Pharmacokinetic interactions

Hydroxychloroquine is a weak inhibitor of CYP2D6 and of the P-gp efflux protein, requiring intensified monitoring when used concomitantly with narrow-window drugs having this metabolic pathway: gefitinib, tamoxifen (Table 2C). A few clinically relevant pharmacokinetic drug-interactions are reported with hydroxychloroquine.

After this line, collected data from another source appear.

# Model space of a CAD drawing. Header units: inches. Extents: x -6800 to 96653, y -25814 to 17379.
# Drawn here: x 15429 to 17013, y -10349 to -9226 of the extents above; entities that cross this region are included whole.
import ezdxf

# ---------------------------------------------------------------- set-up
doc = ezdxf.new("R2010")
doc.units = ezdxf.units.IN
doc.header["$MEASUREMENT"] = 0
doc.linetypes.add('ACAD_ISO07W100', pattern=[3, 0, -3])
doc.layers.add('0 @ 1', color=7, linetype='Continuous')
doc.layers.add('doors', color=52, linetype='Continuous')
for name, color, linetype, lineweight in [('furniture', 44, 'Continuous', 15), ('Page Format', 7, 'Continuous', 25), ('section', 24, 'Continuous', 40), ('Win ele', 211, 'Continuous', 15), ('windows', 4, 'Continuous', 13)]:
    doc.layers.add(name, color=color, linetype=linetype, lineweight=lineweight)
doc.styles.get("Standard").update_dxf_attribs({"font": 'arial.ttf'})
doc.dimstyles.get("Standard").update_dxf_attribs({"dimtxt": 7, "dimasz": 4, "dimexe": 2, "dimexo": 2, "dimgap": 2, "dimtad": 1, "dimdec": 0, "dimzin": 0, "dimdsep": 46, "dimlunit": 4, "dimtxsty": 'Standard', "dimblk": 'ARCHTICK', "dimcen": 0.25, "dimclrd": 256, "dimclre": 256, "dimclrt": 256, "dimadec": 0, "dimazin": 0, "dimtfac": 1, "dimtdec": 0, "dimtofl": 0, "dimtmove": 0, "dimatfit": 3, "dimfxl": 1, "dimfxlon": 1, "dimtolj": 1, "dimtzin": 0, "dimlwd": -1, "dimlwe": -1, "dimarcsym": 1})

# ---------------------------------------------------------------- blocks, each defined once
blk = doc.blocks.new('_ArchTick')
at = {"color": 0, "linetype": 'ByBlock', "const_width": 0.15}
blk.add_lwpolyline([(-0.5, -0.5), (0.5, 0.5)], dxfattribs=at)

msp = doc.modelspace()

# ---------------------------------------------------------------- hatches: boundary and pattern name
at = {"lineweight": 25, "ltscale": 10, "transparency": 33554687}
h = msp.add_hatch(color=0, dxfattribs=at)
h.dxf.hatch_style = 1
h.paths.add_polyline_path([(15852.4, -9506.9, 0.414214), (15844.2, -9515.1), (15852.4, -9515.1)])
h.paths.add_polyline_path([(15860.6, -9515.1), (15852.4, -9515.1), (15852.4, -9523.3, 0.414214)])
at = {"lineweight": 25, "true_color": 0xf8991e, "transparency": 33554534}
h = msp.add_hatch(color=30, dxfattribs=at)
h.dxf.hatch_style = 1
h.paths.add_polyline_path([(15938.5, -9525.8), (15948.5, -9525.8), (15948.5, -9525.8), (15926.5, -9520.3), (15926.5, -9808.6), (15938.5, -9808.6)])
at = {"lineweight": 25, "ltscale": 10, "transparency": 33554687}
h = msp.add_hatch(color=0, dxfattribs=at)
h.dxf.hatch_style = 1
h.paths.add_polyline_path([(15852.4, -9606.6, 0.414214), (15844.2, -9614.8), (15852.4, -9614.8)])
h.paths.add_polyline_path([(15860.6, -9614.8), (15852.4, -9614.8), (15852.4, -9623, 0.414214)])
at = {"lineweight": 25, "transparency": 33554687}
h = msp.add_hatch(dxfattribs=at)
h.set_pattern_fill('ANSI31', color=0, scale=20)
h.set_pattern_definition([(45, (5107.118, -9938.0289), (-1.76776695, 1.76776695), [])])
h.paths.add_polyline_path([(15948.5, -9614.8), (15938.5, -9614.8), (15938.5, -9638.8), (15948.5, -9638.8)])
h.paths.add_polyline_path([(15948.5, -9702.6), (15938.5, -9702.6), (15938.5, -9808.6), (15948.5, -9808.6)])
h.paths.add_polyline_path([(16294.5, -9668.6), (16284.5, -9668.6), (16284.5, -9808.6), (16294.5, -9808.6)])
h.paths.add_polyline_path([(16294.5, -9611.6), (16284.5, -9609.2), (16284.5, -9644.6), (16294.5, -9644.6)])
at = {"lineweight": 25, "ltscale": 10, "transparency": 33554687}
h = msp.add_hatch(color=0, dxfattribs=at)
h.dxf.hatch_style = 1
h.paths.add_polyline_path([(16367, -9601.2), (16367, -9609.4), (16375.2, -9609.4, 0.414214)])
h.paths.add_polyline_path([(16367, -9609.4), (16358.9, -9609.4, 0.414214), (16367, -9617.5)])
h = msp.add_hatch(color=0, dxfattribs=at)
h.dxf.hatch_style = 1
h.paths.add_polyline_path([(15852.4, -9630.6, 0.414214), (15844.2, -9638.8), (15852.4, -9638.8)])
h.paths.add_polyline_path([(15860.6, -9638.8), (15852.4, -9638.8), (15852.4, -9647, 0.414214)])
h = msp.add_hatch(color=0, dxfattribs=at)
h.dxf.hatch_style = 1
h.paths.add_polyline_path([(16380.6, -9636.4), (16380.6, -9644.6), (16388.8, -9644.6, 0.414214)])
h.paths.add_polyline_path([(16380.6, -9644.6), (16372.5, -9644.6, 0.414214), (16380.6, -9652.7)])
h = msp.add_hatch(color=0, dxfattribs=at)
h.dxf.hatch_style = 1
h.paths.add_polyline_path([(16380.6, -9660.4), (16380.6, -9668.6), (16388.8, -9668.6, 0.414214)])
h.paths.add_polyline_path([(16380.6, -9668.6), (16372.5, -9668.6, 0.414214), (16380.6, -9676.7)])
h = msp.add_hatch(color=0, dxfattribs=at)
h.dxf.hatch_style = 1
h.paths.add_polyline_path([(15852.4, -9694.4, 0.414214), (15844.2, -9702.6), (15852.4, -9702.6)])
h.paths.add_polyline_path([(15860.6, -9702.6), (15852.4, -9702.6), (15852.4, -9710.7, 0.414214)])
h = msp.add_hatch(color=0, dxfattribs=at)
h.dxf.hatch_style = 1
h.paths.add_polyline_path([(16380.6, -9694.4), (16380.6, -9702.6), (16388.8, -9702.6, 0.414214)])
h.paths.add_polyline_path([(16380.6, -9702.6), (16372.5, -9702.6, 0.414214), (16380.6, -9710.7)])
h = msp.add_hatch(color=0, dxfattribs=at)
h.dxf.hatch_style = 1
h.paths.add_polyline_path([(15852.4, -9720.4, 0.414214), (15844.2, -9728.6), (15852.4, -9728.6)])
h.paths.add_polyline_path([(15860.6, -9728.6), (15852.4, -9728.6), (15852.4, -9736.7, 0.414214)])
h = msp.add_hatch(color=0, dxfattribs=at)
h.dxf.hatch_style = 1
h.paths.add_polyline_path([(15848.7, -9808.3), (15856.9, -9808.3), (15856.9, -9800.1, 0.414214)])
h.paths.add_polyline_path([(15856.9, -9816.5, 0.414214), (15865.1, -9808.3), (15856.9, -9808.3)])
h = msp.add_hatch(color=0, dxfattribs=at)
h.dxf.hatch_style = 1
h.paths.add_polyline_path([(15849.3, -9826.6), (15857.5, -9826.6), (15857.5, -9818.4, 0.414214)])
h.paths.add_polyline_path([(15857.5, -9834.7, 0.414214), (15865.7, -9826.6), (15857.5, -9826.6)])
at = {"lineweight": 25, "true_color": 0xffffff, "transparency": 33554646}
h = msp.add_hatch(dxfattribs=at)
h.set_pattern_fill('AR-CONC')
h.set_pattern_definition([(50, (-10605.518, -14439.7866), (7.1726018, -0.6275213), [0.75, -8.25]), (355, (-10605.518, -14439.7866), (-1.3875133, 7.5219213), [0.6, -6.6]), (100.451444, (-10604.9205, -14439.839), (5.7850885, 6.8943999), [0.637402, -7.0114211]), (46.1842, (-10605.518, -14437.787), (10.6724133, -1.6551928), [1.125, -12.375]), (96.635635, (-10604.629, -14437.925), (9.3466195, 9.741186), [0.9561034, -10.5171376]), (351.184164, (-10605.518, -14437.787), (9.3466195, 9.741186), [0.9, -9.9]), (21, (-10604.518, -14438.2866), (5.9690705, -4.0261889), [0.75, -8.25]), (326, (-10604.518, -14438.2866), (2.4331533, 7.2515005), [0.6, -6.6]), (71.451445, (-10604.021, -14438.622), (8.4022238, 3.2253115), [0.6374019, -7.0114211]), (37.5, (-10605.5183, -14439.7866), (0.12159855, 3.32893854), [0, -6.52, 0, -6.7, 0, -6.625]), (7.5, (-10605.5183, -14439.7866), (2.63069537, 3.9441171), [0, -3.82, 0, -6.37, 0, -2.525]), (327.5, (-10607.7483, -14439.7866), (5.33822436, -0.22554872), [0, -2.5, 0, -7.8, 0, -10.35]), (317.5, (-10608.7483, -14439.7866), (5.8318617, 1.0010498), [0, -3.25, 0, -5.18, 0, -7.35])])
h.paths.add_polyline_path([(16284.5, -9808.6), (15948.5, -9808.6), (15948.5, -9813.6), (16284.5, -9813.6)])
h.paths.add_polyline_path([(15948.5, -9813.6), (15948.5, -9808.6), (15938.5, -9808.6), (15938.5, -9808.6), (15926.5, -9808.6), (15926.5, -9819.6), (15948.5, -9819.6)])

Pharmacodynamic interactions, additive adverse effects

Hydroxychloroquine incurs a risk of QT prolongation and torsade de pointe occurrence when associated to other drugs with the same toxicity profile. ECG monitoring is widely established and has to be systematically done in case of certain antineoplastics (see Table 3) such as cabozantinib, ceritinib, crizotinib, nilotinib, osimertinib, vandetanib, vemurafenib, oxaliplatin and arsenic trioxide [84].

Attention should also be paid to support treatments. Risk of torsade de pointe contraindicates association to ondansetron (>8mg) or domperidone (replace by metomimazine). Antidepressants such as (es)citalopram widely prescribed for cancer patients are likewise contraindicated [85]. All torsade de pointe risks such as hypokalemia (with corticosteroids, cisplatin or other drug when associated with digestive disorders) and bradycardia (e.g., with thalidomide) should also be taken into account.

Hydroxychloroquine also incurs a risk of peripheral neuropathy. Vigilance is required for patients treated by platinum salts, anthracyclines, taxanes and immunomodulators, and even more in case of comorbidities such as diabetes mellitus or chronic alcohol abuse. Regarding the ocular toxicity of hydroxychloroquine, attention should also be required when associated with MEK inhibitors for example [86].

Remdesivir

Remdesivir is a nucleoside analog of adenine used against Ebola with an orphan drug status approval in the United Stated but not in Europe. It has undergone several clinical trials, in the light of in-vitro efficacy against Coronaviruses (SARS-CoV, MERS-CoV). For COVID-19, the most used dosage in clinical trials is 200 mg on day 1 then 100 mg daily by parenteral route for 10 days.

Pharmacokinetic interactions

The interaction profile is favorable, with neither induction nor inhibition of cytochrome P450 and of the main transporters in preclinical studies so no impact is expected in this way. As a CYP3A4 substrate, the association to an inductor or inhibitor drug requires close monitoring for adverse effects (Table 2C).

Pharmacodynamic interactions, additive adverse effects

The safety profile includes nephrotoxicity and hepatotoxicity requiring dose adaptation when reduced glomerular filtration rate or transaminase elevation, respectively. Association to nephrotoxic or hepatotoxic drugs requires monitoring. Recent clinical trials reported diarrhea and hypokalemia up to 9% and 12%, respectively [87], [88]. Attention should be payed to serum potassium levels in patients taking diarrhea and/or hypokalemia-induced medicines. As anemia and thrombocytopenia can also be observed, association with antineoplastic agents with significant hematologic toxicities should be used with caution (Table 3).

Azithromycin

Azithromycin is a macrolide antibiotic used for COVID-19 to prevent bacterial super-infection. Clinical practices report mainly schedules based on 500 mg on day 1 followed by a daily dose of 250 mg the next four days, associated, or not, to hydroxychloroquine.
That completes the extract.